Com a colheita de soja se encaminhando para o final – faltando apenas algumas áreas mais atrasadas na região norte do Estado – a Cocamar estima uma redução de 35% na produtividade das lavouras em relação aos números projetados inicialmente.

ALÉM - O percentual está bem acima da média paranaense, divulgada na semana passada pela Secretaria de Agricultura e do Abastecimento (Seab), da ordem de 14%.

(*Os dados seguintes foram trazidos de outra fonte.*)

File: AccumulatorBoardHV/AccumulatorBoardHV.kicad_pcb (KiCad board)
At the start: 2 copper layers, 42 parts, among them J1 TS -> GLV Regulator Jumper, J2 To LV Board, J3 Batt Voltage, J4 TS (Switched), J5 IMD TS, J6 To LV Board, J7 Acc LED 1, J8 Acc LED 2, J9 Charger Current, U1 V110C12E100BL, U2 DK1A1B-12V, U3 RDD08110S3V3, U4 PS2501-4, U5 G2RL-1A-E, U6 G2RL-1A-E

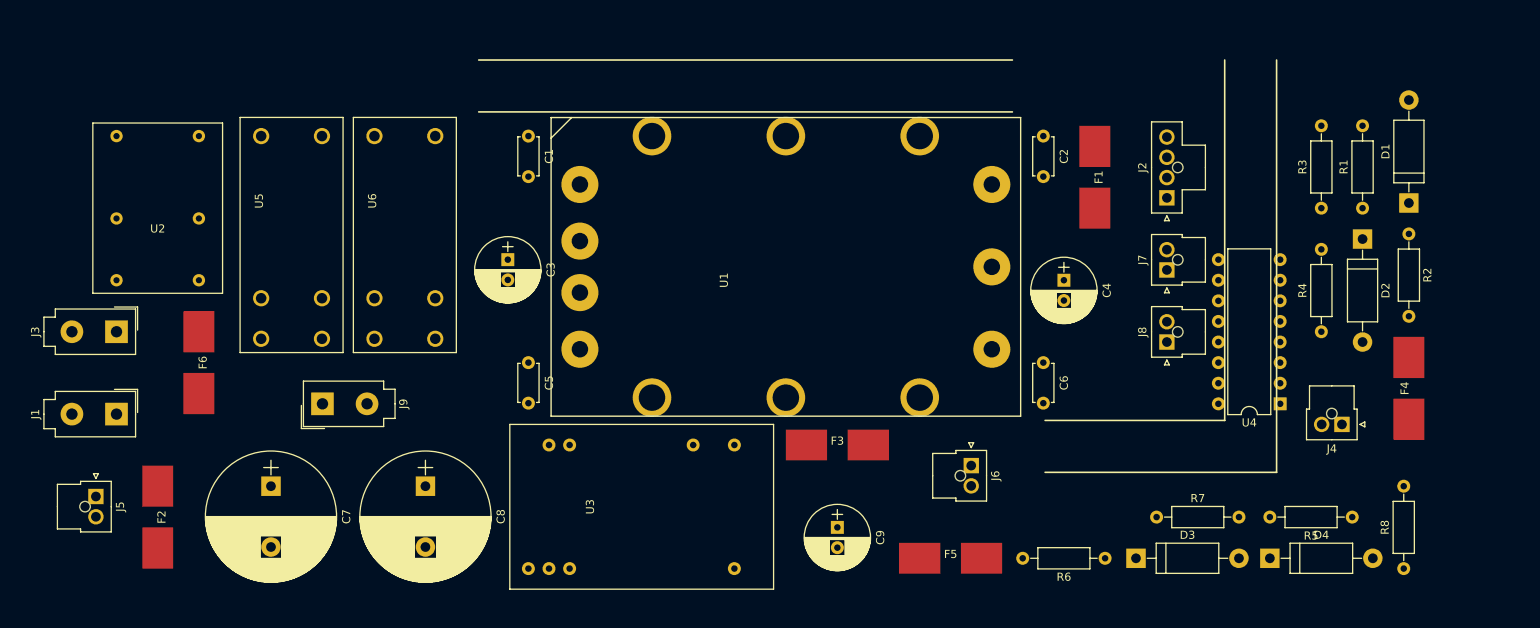
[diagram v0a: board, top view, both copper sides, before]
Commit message: Work for preparation for autorouting
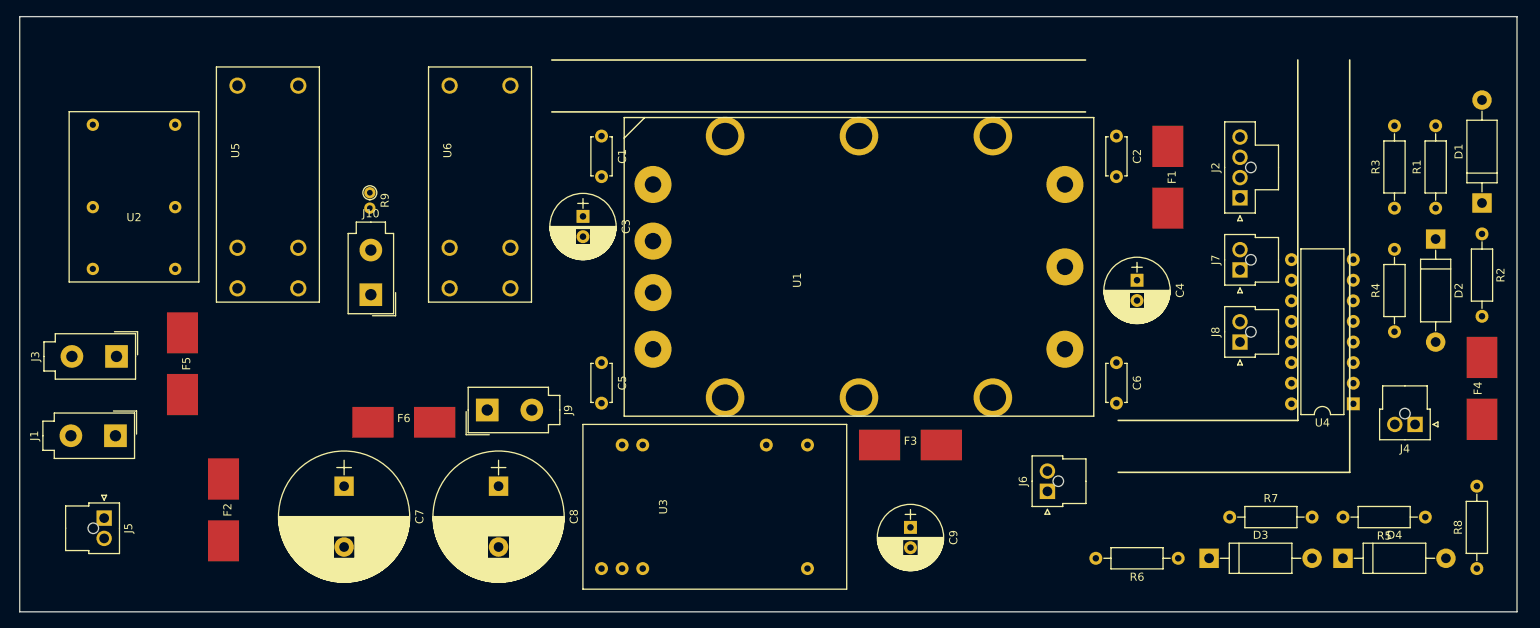
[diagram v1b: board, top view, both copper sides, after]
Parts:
- added J10: Charger Current, Connectors_Molex:Molex_MiniFit-JR-5556-02A_2x01x4.20mm_Straight, F.Cu at (61.8, 62.7)
- added R9: 0, Resistors_THT:R_Axial_DIN0204_L3.6mm_D1.6mm_P1.90mm_Vertical, F.Cu at (61.7, 50.2)
- J9: value Charger Current -> Charger Current to Batt
- moved F5 97.7 mm to (38.6, 71.2), turned to 90 degrees
- moved F6 26.3 mm to (65.9, 78.5), turned to 180 degrees
- moved J9 20.3 mm to (76.2, 77.0)
- moved U6 11.2 mm to (75.3, 37.0)
- moved C3 10.7 mm to (88.0, 53.1)
- moved J6 9.92 mm to (145.3, 87.0), turned to 90 degrees
- moved R8 9.02 mm to (198.2, 96.5)
- moved U1 9.02 mm to (96.6, 43.2)
- moved C1 9.02 mm to (90.3, 43.2)
- moved C2 9.02 mm to (153.8, 43.2)
- moved C4 9.02 mm to (156.3, 61.0)
- moved C5 9.02 mm to (90.3, 71.1)
- moved C6 9.02 mm to (153.8, 71.1)
- moved C7 9.02 mm to (58.5, 86.4)
- moved C8 9.02 mm to (77.6, 86.4)
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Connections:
- net Net-(F6-Pad2) renamed /BATT+_CHGFUSED
- F6 pad 1: /BATT+_DIRECT -> /BATT+_CHARGER
- J9 pad 1: /CHARGER+ -> /BATT+_CHARGER
- J9 pad 2: /CHARGER- -> /BATT-_CHARGER
- R8 pad 2: /CHARGER- -> Net-(R8-Pad2)
- U6 pad 3: /BATT- -> /BATT-_CHARGER
- U6 pad 5: /BATT- -> /BATT-_CHARGER
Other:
- board outline added: 184.7 x 73.4 mm
- net class BattCurrent added: clearance 0.2, trace_width 0.5, via_dia 1.2, via_drill 0.4
- net class ChgCurrent added: clearance 0.2, trace_width 4, via_dia 3.2, via_drill 2

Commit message: Autoroute AccumulatorHV PCB
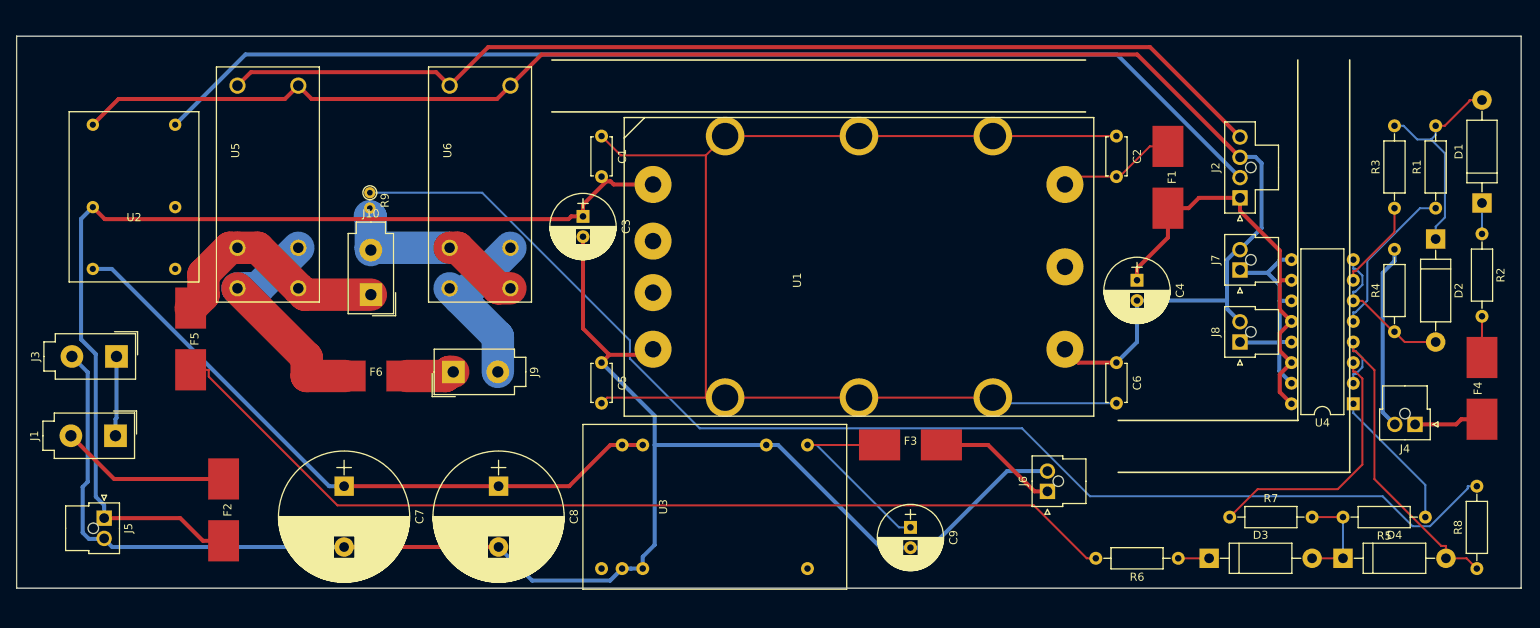
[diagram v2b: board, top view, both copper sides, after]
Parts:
- moved F6 6.66 mm to (62.5, 72.8)
- moved J9 6.30 mm to (72.0, 72.3)
- moved F5 3.21 mm to (39.6, 68.2)
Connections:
- net Net-(F2-Pad2) renamed /BATT+_DIRFUSED
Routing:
- net /BATT-: track 0.00 -> 204.3 mm
- net GND: track 0.00 -> 203.7 mm
- net Net-(C1-Pad1): track 0.00 -> 159.4 mm
- net Net-(R8-Pad2): track 0.00 -> 157.1 mm
- net /12V: track 0.00 -> 141.2 mm
- net /AIRS_FINAL_CHARGER: track 0.00 -> 131.6 mm
- net /BATT+: track 0.00 -> 129.5 mm
- net Net-(F5-Pad1): track 0.00 -> 121.7 mm
- net /BATT+_LVBOARD: track 0.00 -> 81.0 mm
- net /12V_SRC: track 0.00 -> 51.8 mm
- net Net-(D4-Pad2): track 0.00 -> 42.6 mm
- net Net-(R7-Pad1): track 0.00 -> 32.2 mm
- net /12V_INDICATOR: track 0.00 -> 29.9 mm
- net /CHARGER+: track 0.00 -> 29.2 mm
- net /BATT+_CHGFUSED: track 0.00 -> 28.7 mm
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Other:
- board size 184.7 x 73.4 mm -> 185.5 x 68.1 mm
- net class BattCurrent: clearance 0.2 -> 0.4
- net class Default: via_dia 0.6 -> 0.8

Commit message: Revise Accumulator HV and LV, route Dash Switchbox, begin PE HV
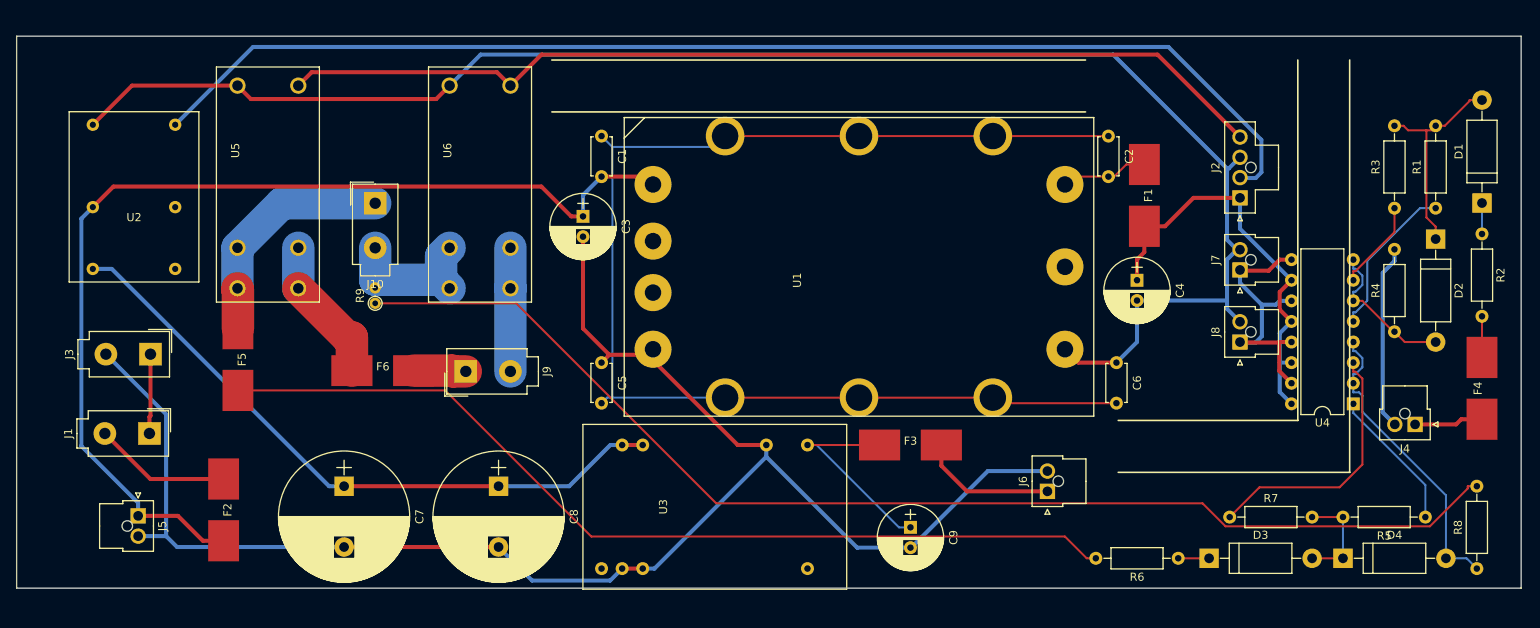
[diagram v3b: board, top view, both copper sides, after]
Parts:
- moved R9 13.7 mm to (62.4, 63.8), turned to 90 degrees
- moved J10 11.3 mm to (62.4, 51.5), turned to 0 degrees
- moved F5 6.36 mm to (45.5, 70.7)
- moved J3 4.20 mm to (34.7, 70.1)
- moved J5 4.20 mm to (33.1, 90.0)
- moved J1 4.20 mm to (34.5, 79.9)
- moved F1 3.67 mm to (157.2, 50.5)
- moved J9 1.55 mm to (73.6, 72.2)
- moved F6 1.07 mm to (63.3, 72.1)
- moved C2 0.99 mm to (152.8, 43.2)
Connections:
- U5 pad 1: GND -> /AIRS_FINAL_CHARGER
- U5 pad 4: /CHARGER+ -> /BATT+_CHGFUSED
- U5 pad 5: /BATT+_CHGFUSED -> /CHARGER+
- U5 pad 8: /AIRS_FINAL_CHARGER -> GND
- U6 pad 1: GND -> /AIRS_FINAL_CHARGER
- U6 pad 4: /CHARGER- -> /BATT-_CHARGER
- U6 pad 5: /BATT-_CHARGER -> /CHARGER-
- U6 pad 8: /AIRS_FINAL_CHARGER -> GND
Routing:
- net /BATT+_CHGFUSED: track 28.7 -> 18.2 mm
- net /12V: track 141.2 -> 149.6 mm
- net /AIRS_FINAL_CHARGER: track 131.6 -> 123.3 mm
- net Net-(R8-Pad2): track 157.1 -> 149.5 mm
- net Net-(F5-Pad1): track 121.7 -> 114.4 mm
- net /BATT-_CHARGER: track 21.6 -> 15.2 mm
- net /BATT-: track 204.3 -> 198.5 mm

CLIMA ADVERSO - As regiões de Maringá, Cianorte, Umuarama e Paranavaí estão entre as mais afetadas, incluindo municípios mais ao norte de Londrina. Os baixos níveis de precipitação entre outubro e janeiro castigaram, principalmente, as lavouras semeadas mais cedo e, em alguns municípios, produtores colheram abaixo de 50 sacas por alqueire (20,6 sacas/hectare). Contribuiu para aumentar a perda o calor intenso em janeiro e início de fevereiro.

UM CONTRASTE - No entanto, em meio a um cenário generalizado de produtividade abaixo da média dos últimos anos, houve produtores que se destacaram pelo alto desempenho das lavouras. Em municípios como Apucarana e Tamarana, a colheita de alguns talhões superou a 200 sacas por alqueire (82,6 sacas/hectare), o que, segundo técnicos da Cocamar, se deve a uma soma de fatores: o investimento em tecnologias seguindo orientação especializada, a melhoria da qualidade do solo e, claro, uma ajuda de São Pedro.

NOROESTE - Os resultados da parte que cabe ao produtor ficaram evidentes, também, na região noroeste, onde as perdas, em geral, superaram 40%. A realização de um trabalho contínuo para melhorar o perfil do solo, por exemplo, fez a diferença da produtividade, amenizando os dados causados pelas intempéries. Um produtor de Marilena que integra lavoura-pecuária (ILP) colheu acima de 140 sacas por alqueire (57,8/hectare). Segundo ele, se o clima tivesse ajudado, teria conseguido ao menos 170 sacas por alqueire de média (70,2 sacas/hectare). De qualquer forma, não dá para reclamar.